Although evaluations are much easier with Comunica due to the easy swapping of modules, there is still some work that needs to be done before they can actually happen, such as setting up the server, adding the test data and having test queries. Comunica bencher helps users skip several of those steps. It can automatically generate everything that is necessary to set up a TPF server, create a Watdiv [41] dataset and corresponding queries. It can then also set up a client to run those queries over the server and generate graphs from the results. Although not every kind of setup can be covered with this, it is already incredibly useful for many use cases. Specifics such as the amount of dry runs, caching, data size, etc. can all be tweaked in the configuration, allowing users to fine-tune the tool to their needs. Finally, this way the tests can also easily be shared for later reuse.

Generator

Creating a Comunica actor can be a complex endeavour for developers without any experience in the system: several configuration files have to be made, these have to be mapped to the code, and the code has to be follow certain rules to make sure it integrates with the rest of Comunica. That is why we created a Comunica generator, which creates an empty actor with all the necessary files already in place with all the default values. It creates this initial project by asking the user several questions and then automatically generates the corresponding TypeScript and JSON-LD files with the values based on the answers. These still need to be changed, especially if the user has many extra requirements for their actor, but it greatly reduces the start-up time when coding and reduces the chances of errors or missing files.

Conclusions

In this work, we introduced Comunica as a highly modular meta engine for federated SPARQL query evaluation over heterogeneous interfaces. Comunica is thereby the first system that accomplishes the Linked Data Fragments vision of a client that is able to query over heterogeneous interfaces. Not only can Comunica be used as a client-side SPARQL engine, it can also be customized to become a more lightweight engine and perform more specific tasks, such as for example only evaluating BGPs over Turtle files, evaluating the efficiency of different join operators, or even serve as a complete server-side SPARQL query endpoint that aggregates different datasources. In future work, we will look into supporting supporting alternative (non-semantic) query languages as well, such as GraphQL [42].
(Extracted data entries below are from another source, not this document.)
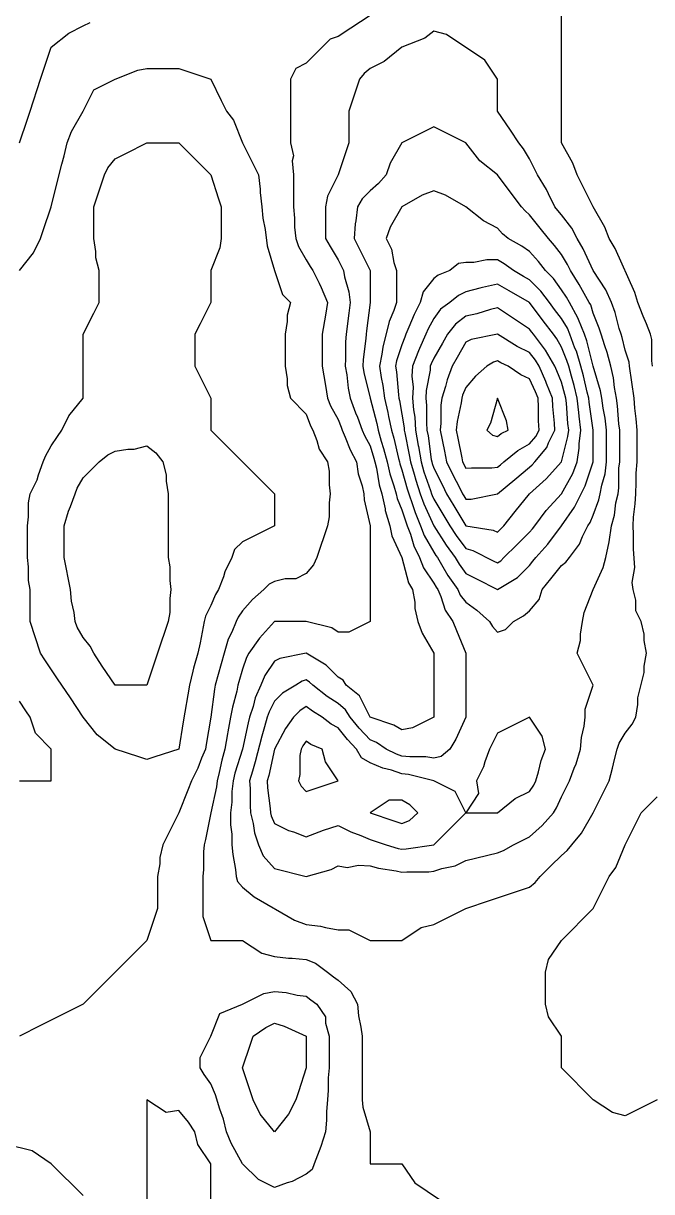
# Model space of a CAD drawing. Header units: inches. Extents: x 794995 to 811195, y 2485918 to 2508058.
# Drawn here: x 803939 to 804530, y 2502782 to 2503881 of the extents above; entities that cross this region are included whole.
import ezdxf

# ---------------------------------------------------------------- set-up
doc = ezdxf.new("R2010")
doc.units = ezdxf.units.IN
doc.header["$MEASUREMENT"] = 0
doc.layers.add('contour', color=7, linetype='Continuous')

msp = doc.modelspace()

# ---------------------------------------------------------------- linework, layer by layer
at = {"layer": 'contour'}
for points in [[(804530.9, 2503558.4), (804530.2, 2503563.4), (804530.2, 2503583.4), (804529.2, 2503588.4), (804525.2, 2503598.4), (804522.3, 2503605.5), (804517.2, 2503618.4), (804514.4, 2503627.6), (804495.9, 2503669.1), (804490.2, 2503678.4), (804486.1, 2503689.3), (804475.2, 2503708.4), (804465.2, 2503728.4), (804460.2, 2503738.4), (804456.1, 2503749.3), (804445.2, 2503768.4), (804445.2, 2503918.4)], [(804265.2, 2503888.4), (804247.2, 2503876.4), (804235.2, 2503868.4), (804227.7, 2503865.9), (804220.2, 2503858.4), (804205.2, 2503843.4), (804195.2, 2503838.4), (804190.2, 2503828.4), (804190.2, 2503768.4), (804193.2, 2503756.4), (804191.8, 2503751.7), (804193.2, 2503738.4), (804193.2, 2503708.4), (804194.2, 2503697.5), (804194.2, 2503689.3), (804195.2, 2503678.4), (804197.7, 2503670.9), (804205.2, 2503658.4), (804208.9, 2503652.1), (804211.2, 2503648.4), (804217.2, 2503636.4), (804219.3, 2503632.5), (804225.2, 2503618.4), (804223.2, 2503606.4), (804220.2, 2503588.4), (804220.2, 2503558.4), (804223.2, 2503540.4), (804225.2, 2503528.4), (804228.1, 2503521.3), (804235.2, 2503508.4), (804237.9, 2503501.1), (804238.9, 2503498.4), (804241.8, 2503491.7), (804246.6, 2503479.8), (804252.3, 2503468.4), (804253.9, 2503457.1), (804257.7, 2503445.9), (804259.2, 2503438.4), (804259.7, 2503432.9), (804265.2, 2503408.4), (804265.2, 2503318.4), (804245.2, 2503308.4), (804235.2, 2503308.4), (804229.2, 2503312.4), (804205.2, 2503318.4), (804175.2, 2503318.4), (804161, 2503302.5), (804151.2, 2503288.4), (804148.9, 2503284.6), (804145.2, 2503273.4), (804141.8, 2503261.7), (804140.9, 2503258.4), (804139.7, 2503252.9), (804135.7, 2503237.8), (804133.9, 2503228.4), (804131.3, 2503214.5), (804130.9, 2503212.6), (804128.5, 2503198.4), (804125.6, 2503187.9), (804123.2, 2503176.4), (804121.2, 2503168.4), (804120.6, 2503162.9), (804115.2, 2503138.4), (804110.2, 2503113.4), (804109.2, 2503108.4), (804108.5, 2503101.7), (804108.5, 2503085), (804107.7, 2503078.4), (804107.7, 2503040.9), (804115.2, 2503018.4), (804145.2, 2503018.4), (804163.2, 2503006.4), (804175.2, 2503003.4), (804188.5, 2503001.7), (804191.8, 2503001.7), (804205.2, 2503000.4), (804213.7, 2502996.9), (804225.2, 2502988.4), (804230.9, 2502984.1), (804235.2, 2502980.9), (804247.2, 2502970.4), (804253.2, 2502958.4), (804254.2, 2502947.5), (804256.6, 2502936.9), (804257.7, 2502928.4), (804257.7, 2502868.4), (804258.5, 2502861.7), (804265.2, 2502838.4), (804265.2, 2502808.4), (804295.2, 2502808.4), (804307.2, 2502790.4), (804343.2, 2502766.4)], [(803935.2, 2503768.4), (803942.7, 2503790.9), (803945.2, 2503798.4), (803955.2, 2503828.4), (803957.7, 2503835.9), (803965.2, 2503858.4), (803981.8, 2503871.7), (803995.2, 2503878.4), (804001.8, 2503881.7)], [(803935.2, 2503648.4), (803948.5, 2503665), (803955.2, 2503678.4), (803957.7, 2503685.9), (803965.2, 2503708.4), (803971.2, 2503732.4), (803975.2, 2503748.4), (803977.2, 2503756.4), (803980.2, 2503768.4), (803984.2, 2503779.3), (803995.2, 2503798.4), (804005.2, 2503818.4), (804025.2, 2503828.4), (804046.6, 2503836.9), (804055.2, 2503838.4), (804085.2, 2503838.4), (804092.7, 2503835.9), (804115.2, 2503828.4), (804125.2, 2503808.4), (804130.2, 2503798.4), (804136.6, 2503789.8), (804145.2, 2503768.4), (804155.2, 2503748.4), (804160.2, 2503738.4), (804161.8, 2503725), (804161.8, 2503721.7), (804163.2, 2503708.4), (804164.2, 2503697.5), (804166.6, 2503686.9), (804168.5, 2503671.7), (804175.2, 2503648.4), (804182.7, 2503625.9), (804190.2, 2503618.4), (804187.2, 2503606.4), (804187.2, 2503600.4), (804185.2, 2503588.4), (804185.2, 2503558.4), (804187.2, 2503546.4), (804187.2, 2503540.4), (804190.2, 2503528.4), (804205.2, 2503513.4), (804209.2, 2503502.4), (804211.2, 2503498.4), (804215.2, 2503488.4), (804217.2, 2503480.4), (804225.2, 2503468.4), (804226.6, 2503459.8), (804226.6, 2503446.9), (804227.7, 2503438.4), (804226.6, 2503429.8), (804226.6, 2503416.9), (804225.2, 2503408.4), (804215.2, 2503378.4), (804211.8, 2503371.7), (804205.2, 2503363.4), (804195.2, 2503358.4), (804185.2, 2503358.4), (804175.2, 2503355.9), (804170.2, 2503353.4), (804165.2, 2503348.4), (804154.4, 2503339.1), (804145.2, 2503328.4), (804141.2, 2503322.4), (804139.2, 2503318.4), (804135.2, 2503308.4), (804131.8, 2503301.7), (804128, 2503288.4), (804125.2, 2503278.4), (804119.4, 2503258.4), (804118.7, 2503254.8), (804115.2, 2503228.4), (804110.9, 2503202.6), (804110.2, 2503198.4), (804106.6, 2503189.8), (804103.2, 2503180.4), (804097.2, 2503168.4), (804093.7, 2503159.8), (804085.2, 2503138.4), (804075.2, 2503118.4), (804070.2, 2503108.4), (804067.2, 2503096.4), (804067.2, 2503090.4), (804065.2, 2503078.4), (804065.2, 2503048.4), (804062.7, 2503040.9), (804055.2, 2503018.4), (804025.2, 2502988.4), (803995.2, 2502958.4), (803975.2, 2502948.4), (803955.2, 2502938.4), (803935.2, 2502928.4)], [(803935.2, 2503168.4), (803965.2, 2503168.4), (803965.2, 2503198.4), (803950.2, 2503213.4), (803945.2, 2503228.4), (803941.2, 2503234.4), (803935.2, 2503243.4)], [(804535.2, 2502868.4), (804515.2, 2502858.4), (804505.2, 2502853.4), (804493.2, 2502856.4), (804475.2, 2502868.4), (804445.2, 2502898.4), (804445.2, 2502928.4), (804433.2, 2502946.4), (804430.2, 2502958.4), (804430.2, 2502988.4), (804433.2, 2503000.4), (804445.2, 2503018.4), (804475.2, 2503048.4), (804485.2, 2503068.4), (804490.2, 2503078.4), (804496.6, 2503086.9), (804505.2, 2503108.4), (804515.2, 2503128.4), (804520.2, 2503138.4), (804535.2, 2503153.4)], [(803995.2, 2502778.4), (803965.2, 2502808.4), (803947.2, 2502820.4), (803923.2, 2502826.4)]]:
    msp.add_lwpolyline(points, dxfattribs=at)
for points in [[(804325.2, 2503033.4), (804335.2, 2503038.4), (804355.2, 2503048.4), (804377.7, 2503055.9), (804385.2, 2503058.4), (804415.2, 2503068.4), (804420.6, 2503072.9), (804425.2, 2503078.4), (804435.2, 2503088.4), (804445.2, 2503098.4), (804450.6, 2503102.9), (804455.2, 2503108.4), (804464.2, 2503119.3), (804475.2, 2503138.4), (804485.2, 2503158.4), (804490.2, 2503168.4), (804493.2, 2503180.4), (804495.2, 2503188.4), (804497.7, 2503198.4), (804499.7, 2503203.8), (804505.2, 2503213.4), (804511.8, 2503221.7), (804515.2, 2503228.4), (804517.2, 2503240.4), (804517.2, 2503246.4), (804523.2, 2503270.4), (804523.2, 2503276.4), (804525.2, 2503288.4), (804523.2, 2503300.4), (804523.2, 2503306.4), (804520.2, 2503318.4), (804515.2, 2503328.4), (804515.2, 2503338.4), (804512.7, 2503348.4), (804511.8, 2503355), (804514.4, 2503369.1), (804513.2, 2503386.4), (804513.2, 2503400.4), (804512.7, 2503408.4), (804513.2, 2503416.4), (804514.6, 2503428.9), (804515.2, 2503438.4), (804515.7, 2503448.9), (804515.7, 2503457.8), (804516.4, 2503468.4), (804516.4, 2503498.4), (804515.7, 2503508.9), (804514.4, 2503519.1), (804513.7, 2503528.4), (804509.4, 2503558.4), (804508.9, 2503562.1), (804505.2, 2503573.4), (804502.3, 2503585.5), (804501.4, 2503588.4), (804499.7, 2503593.8), (804495.7, 2503608.9), (804492.3, 2503618.4), (804487.2, 2503630.4), (804475.2, 2503648.4), (804465.7, 2503668.9), (804460.2, 2503678.4), (804455.2, 2503688.4), (804445.2, 2503700.9), (804441.8, 2503705), (804439.2, 2503708.4), (804433.2, 2503720.4), (804431.3, 2503724.5), (804422.7, 2503738.4), (804420.2, 2503743.4), (804415.2, 2503753.4), (804409.7, 2503762.9), (804405.2, 2503768.4), (804397.2, 2503780.4), (804385.2, 2503798.4), (804385.2, 2503828.4), (804373.2, 2503846.4), (804337.2, 2503870.4), (804325.2, 2503873.4), (804316.6, 2503866.9), (804295.2, 2503858.4), (804278.5, 2503845), (804265.2, 2503838.4), (804259.7, 2503833.8), (804255.2, 2503828.4), (804245.2, 2503798.4), (804245.2, 2503768.4), (804242.7, 2503760.9), (804235.2, 2503738.4), (804225.2, 2503718.4), (804223.2, 2503708.4), (804223.2, 2503678.4), (804227.7, 2503670.9), (804235.2, 2503658.4), (804238.5, 2503651.7), (804240.2, 2503648.4), (804241.2, 2503642.4), (804245.2, 2503628.4), (804246.4, 2503618.4), (804245.2, 2503608.4), (804242.7, 2503588.4), (804242.2, 2503581.3), (804242.2, 2503565.4), (804241.8, 2503558.4), (804243.2, 2503550.4), (804244.6, 2503537.8), (804246.4, 2503528.4), (804251.5, 2503514.7), (804253.2, 2503510.4), (804257.7, 2503498.4), (804259.9, 2503493.1), (804265.2, 2503483.4), (804268.8, 2503472), (804269.8, 2503468.4), (804271.2, 2503462.4), (804273.7, 2503446.9), (804276.1, 2503438.4), (804279.3, 2503424.2), (804279.4, 2503422.6), (804283.9, 2503408.4), (804285.7, 2503398.9), (804295.2, 2503378.4), (804301.5, 2503354.7), (804305.2, 2503348.4), (804307.2, 2503336.4), (804307.2, 2503330.4), (804310.2, 2503318.4), (804314.2, 2503307.5), (804325.2, 2503288.4), (804325.2, 2503228.4), (804305.2, 2503218.4), (804295.2, 2503216.4), (804287.7, 2503220.9), (804265.2, 2503228.4), (804255.2, 2503248.4), (804242.7, 2503258.4), (804239.8, 2503263), (804235.2, 2503265.9), (804223.9, 2503277.1), (804205.2, 2503288.4), (804180.2, 2503283.4), (804175.2, 2503280.9), (804166.2, 2503267.4), (804162.3, 2503258.4), (804157.2, 2503246.4), (804155.2, 2503238.4), (804151.8, 2503228.4), (804150.4, 2503223.1), (804145.2, 2503198.4), (804138, 2503175.6), (804136.2, 2503168.4), (804135.2, 2503158.4), (804135.2, 2503148.4), (804133.9, 2503138.4), (804133.9, 2503127.1), (804135.2, 2503118.4), (804135.2, 2503108.4), (804135.9, 2503099.1), (804138.5, 2503085), (804139.2, 2503078.4), (804140.5, 2503073.7), (804145.2, 2503068.4), (804156.1, 2503059.3), (804194.2, 2503037.5), (804205.2, 2503033.4), (804218.5, 2503031.7), (804223.2, 2503030.4), (804235.2, 2503028.4), (804245.2, 2503028.4), (804265.2, 2503018.4), (804295.2, 2503018.4), (804313.2, 2503030.4)], [(804385.2, 2503100.9), (804390.6, 2503102.9), (804400.2, 2503108.4), (804410.2, 2503113.4), (804415.2, 2503115.9), (804427.2, 2503126.4), (804437.7, 2503138.4), (804440.5, 2503143), (804445.2, 2503153.4), (804450.2, 2503163.4), (804452.7, 2503168.4), (804457.2, 2503180.4), (804459, 2503184.5), (804463.2, 2503198.4), (804464.2, 2503209.3), (804466.6, 2503219.8), (804467.7, 2503228.4), (804467.7, 2503235.9), (804475.2, 2503258.4), (804465.2, 2503278.4), (804460.2, 2503288.4), (804463.2, 2503300.4), (804463.2, 2503306.4), (804465.2, 2503318.4), (804466.6, 2503326.9), (804475.2, 2503348.4), (804484.4, 2503369.1), (804487.2, 2503378.4), (804490.2, 2503393.4), (804492.3, 2503408.4), (804495.2, 2503418.4), (804496.6, 2503429.8), (804498.5, 2503438.4), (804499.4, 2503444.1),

If you are a Web researcher, then Comunica is the ideal research platform for investigating new Linked Data publication interfaces, and for experimenting with different query algorithms. New modules can be implemented independently without having to fork existing codebases. The modules can be combined with each other using an RDF-based configuration file that can be instantiated into an actual engine through dependency injection. However, the target audience is broader than just the research community. As Comunica is built on Linked Data and Web technologies, and is extensively documented and has a ready-to-use API, developers of RDF-consuming (Web) applications can also make use of the platform. In the future, we will continue maintaining and developing Comunica and intend to support and collaborate with future researchers on this platform.

The introduction of Comunica will trigger a new generation of Web querying research. Due to its flexibility and modularity, existing areas can be combined and evaluated in more detail, and new promising areas that remained covered so far will be exposed.